Description of architecture_diagram.png follows
Description of the illustration architecture_diagram.png

Oracle WebLogic Server

An Oracle WebLogic Server domain consists of one administration server and one or more managed servers to host your Java application deployments.

Oracle WebLogic Server for Oracle Cloud Infrastructure supports these Oracle WebLogic Server editions:

  • Oracle WebLogic Server Standard Edition
  • Oracle WebLogic Server Enterprise Edition
    • Includes all features and benefits of Oracle WebLogic Server Standard Edition
    • Includes clustering for high availability and scalability of Java resources and applications
    • Includes Oracle Java SE Advanced (Java Mission Control and Java Flight Recorder) for diagnosing problems in development and production
  • Oracle WebLogic Suite
    • Includes all features and benefits of Oracle WebLogic Server Enterprise Edition
    • Includes Oracle Coherence for increased performance and scalability
    • Includes Active Gridlink for RAC for advanced database connectivity

Oracle WebLogic Server for Oracle Cloud Infrastructure does not provision a cluster in domains running WebLogic Server Standard Edition.

Oracle Cloud Infrastructure OS Management service is enabled on Oracle WebLogic Server for Oracle Cloud Infrastructure instance. See Getting Started with OS Management.

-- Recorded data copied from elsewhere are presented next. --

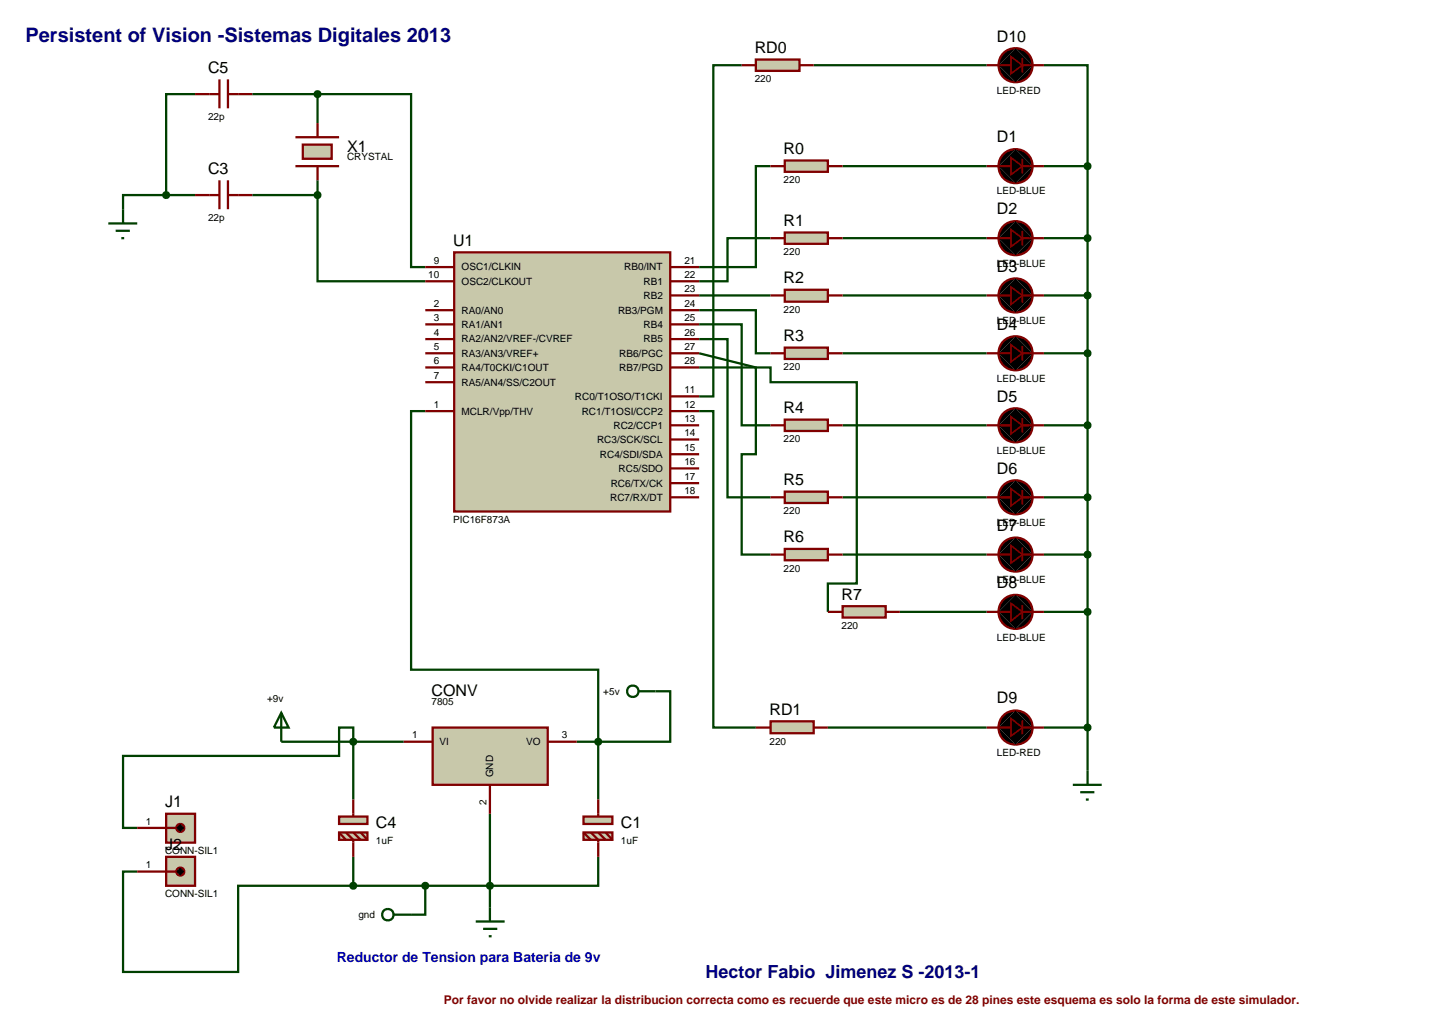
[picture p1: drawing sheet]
<svg xmlns="http://www.w3.org/2000/svg" width="257mm" height="180mm" viewBox="0 0 257 180" stroke-linecap="round" stroke-linejoin="round" font-family="sans-serif">
<g fill="none" stroke="#004000" stroke-width=".4">
<path d="M34.4 16.6h-5.1v17.8M44.5 16.6h11.5M56 16.6h16.5v30.5h2.5M56 16.6v5.1M130.8 11.5h-5v58.4h-2.5M143.5 11.5h30.5M184.1 11.5h7.7v17.8M29.3 34.4h-7.6v2.5M29.3 34.4h5.1M44.5 34.4h11.5M56 34.4v15.2h19M56 31.8v2.6"/>
<path d="M135.9 29.3h-2.6v17.8h-10M148.6 29.3h25.4M184.1 29.3h7.7M191.8 29.3v106.6M123.3 54.7h10v7.6h2.6M123.3 57.2h7.5v17.8h5.1M123.3 59.8h5v27.9h7.6M123.3 52.1h12.6M135.9 42h-7.6v7.6h-5M148.6 52.1h25.4M148.6 42h25.4M184.1 52.1h7.7"/>
<path d="M184.1 42h7.7M75 72.5h-2.5v45.6h33v12.7M123.3 72.5h2.5v55.8h7.5M123.3 62.3l10 2.5v15.3h-2.5v17.7h5.1M123.3 64.8h12.6v2.6h15.2v35.5h-5.1v5M148.6 75h25.4M148.6 62.3h25.4M184.1 75h7.7M184.1 62.3h7.7M148.6 97.8h25.4M148.6 87.7h25.4M184.1 97.8h7.7"/>
<path d="M184.1 87.7h7.7M158.7 107.9h15.3M184.1 107.9h7.7M49.6 130.8h21.6M101.7 130.8h3.8M105.5 130.8v10.2M115.6 121.9h2.6v8.9h-12.7M146 128.3h28M184.1 128.3h7.7M24.2 153.7h-2.5v17.7h20.3v-15.2h20.3M62.3 141v-12.7h-2.5v5h-38.1v12.7h2.5M62.3 151.1v5.1"/>
<path d="M75 156.2v5.1h-2.5M86.4 143.5v16.5M105.5 151.1v5.1h-43.2"/>
</g>
<path d="M80.1 44.5h38.1v45.7h-38.1z" fill="#c8c8aa" stroke="#800000" stroke-width=".4"/>
<g fill="none" stroke="#800000" stroke-width=".4">
<path d="M75 54.7h5.1M75 57.2h5.1M75 59.8h5.1M75 47.1h5.1M75 49.6h5.1M118.2 54.7h5.1M118.2 57.2h5.1M118.2 59.8h5.1M118.2 47.1h5.1M118.2 49.6h5.1M118.2 52.1h5.1M75 64.8h5.1"/>
<path d="M75 67.4h5.1M75 72.5h5.1M75 62.3h5.1M118.2 64.8h5.1M118.2 72.5h5.1M118.2 75h5.1M118.2 77.5h5.1M118.2 62.3h5.1M118.2 69.9h5.1M118.2 87.7h5.1M118.2 85.2h5.1M118.2 82.6h5.1"/>
<path d="M118.2 80.1h5.1"/>
</g>
<path d="M76.3 128.3h20.3v10.1h-20.3z" fill="#c8c8aa" stroke="#800000" stroke-width=".4"/>
<path d="M52.1 24.2h7.7M52.1 29.3h7.7M71.2 130.8h5.1M86.4 138.4v5.1M96.6 130.8h5.1" fill="none" stroke="#800000" stroke-width=".4"/>
<path d="M53.4 25.5h5.1v2.5h-5.1z" fill="#c8c8aa" stroke="#800000" stroke-width=".4"/>
<path d="M56 21.7v2.5M56 29.3v2.5" fill="none" stroke="#800000" stroke-width=".4"/>
<g fill="none" stroke="#004000" stroke-width=".4">
<path d="M112.6 121.9h3M86.4 160v2.5M69.4 161.3h3.1M83.9 162.5h5.1M85.2 163.8h2.5M86.2 165.1h.5"/>
<circle cx="111.6" cy="121.9" r="1.01"/>
<circle cx="68.4" cy="161.3" r="1.01"/>
</g>
<path d="M86.1 155.8l.3-.1-.5 .5zM86.4 155.7l.3 .1 .2 .4zM86.4 156.7l.5-.5-.2 .4zM85.9 156.2l.5 .5-.4-.2z" fill="#004000" stroke="#004000" stroke-width=".4"/>
<path d="M86.4 155.7l.5 .5-.5 .5-.5-.5z" fill="#004000"/>
<path d="M49.6 125.7l1.3 2.6h-2.6zM49.6 125.7v5.1" fill="none" stroke="#004000" stroke-width=".4"/>
<path d="M133.3 10.5h7.7v2h-7.7z" fill="#c8c8aa" stroke="#800000" stroke-width=".4"/>
<path d="M130.8 11.5h2.5M141 11.5h2.5" fill="none" stroke="#800000" stroke-width=".4"/>
<path d="M135.9 127.2h7.6v2.1h-7.6z" fill="#c8c8aa" stroke="#800000" stroke-width=".4"/>
<g fill="none" stroke="#800000" stroke-width=".4">
<path d="M174 11.5h4.3M180.3 11.5h3.8M174 29.3h4.3M180.3 29.3h3.8M174 42h4.3M174 52.1h4.3M180.3 42h3.8M180.3 52.1h3.8M174 62.3h4.3M174 75h4.3M180.3 62.3h3.8M180.3 75h3.8"/>
<path d="M174 87.7h4.3M174 97.8h4.3M180.3 87.7h3.8M180.3 97.8h3.8M174 107.9h4.3M180.3 107.9h3.8M133.3 128.3h2.6M143.5 128.3h2.5M174 128.3h4.3M180.3 128.3h3.8"/>
</g>
<g fill="#000" stroke="#800000" stroke-width=".4">
<path d="M176.7 9.6a2.97 2.97 0 0 1 2.4-1.1l-3 3 .1-.7zM179.1 8.5a2.95 2.95 0 0 1 3 3zM179.1 14.5l3-3a2.95 2.95 0 0 1-3 3zM176.1 11.5l3 3a2.95 2.95 0 0 1-3-3z"/>
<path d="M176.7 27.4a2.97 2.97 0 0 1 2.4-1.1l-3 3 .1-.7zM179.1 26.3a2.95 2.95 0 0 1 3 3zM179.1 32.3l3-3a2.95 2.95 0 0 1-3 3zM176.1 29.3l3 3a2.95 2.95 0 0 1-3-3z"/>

Oracle WebLogic Server for Oracle Cloud Infrastructure supports Oracle WebLogic Server 11g and 12c releases. See About Oracle WebLogic Server for Oracle Cloud Infrastructure for specific version information.

Oracle WebLogic Server for Oracle Cloud Infrastructure can create these domain configurations:

  • A basic domain that does not require a database (Oracle WebLogic 12c only).
  • A domain that includes the Java Required Files (JRF) components and also requires a database. A JRF-enabled domain:
    • Supports the Oracle Application Development Framework (ADF)
    • Can be administered and monitored using the Oracle Fusion Middleware Control console, as well as the standard Oracle WebLogic Server tools

All Oracle WebLogic Server 11g domains include JRF and require a database.

Marketplace

Oracle WebLogic Server for Oracle Cloud Infrastructure is accessed as a collection of applications in the Oracle Cloud Infrastructure Marketplace.

Oracle Cloud Infrastructure Marketplace is an online store that's available in the Oracle Cloud Infrastructure console. When you launch an Oracle WebLogic Server for Oracle Cloud Infrastructure application from Marketplace, it prompts you for some basic information, and then directs you to Resource Manager to complete the configuration of your Oracle WebLogic Server domain and supporting cloud resources.

Choose an Oracle WebLogic Server for Oracle Cloud Infrastructure application that meets your functional and licensing requirements.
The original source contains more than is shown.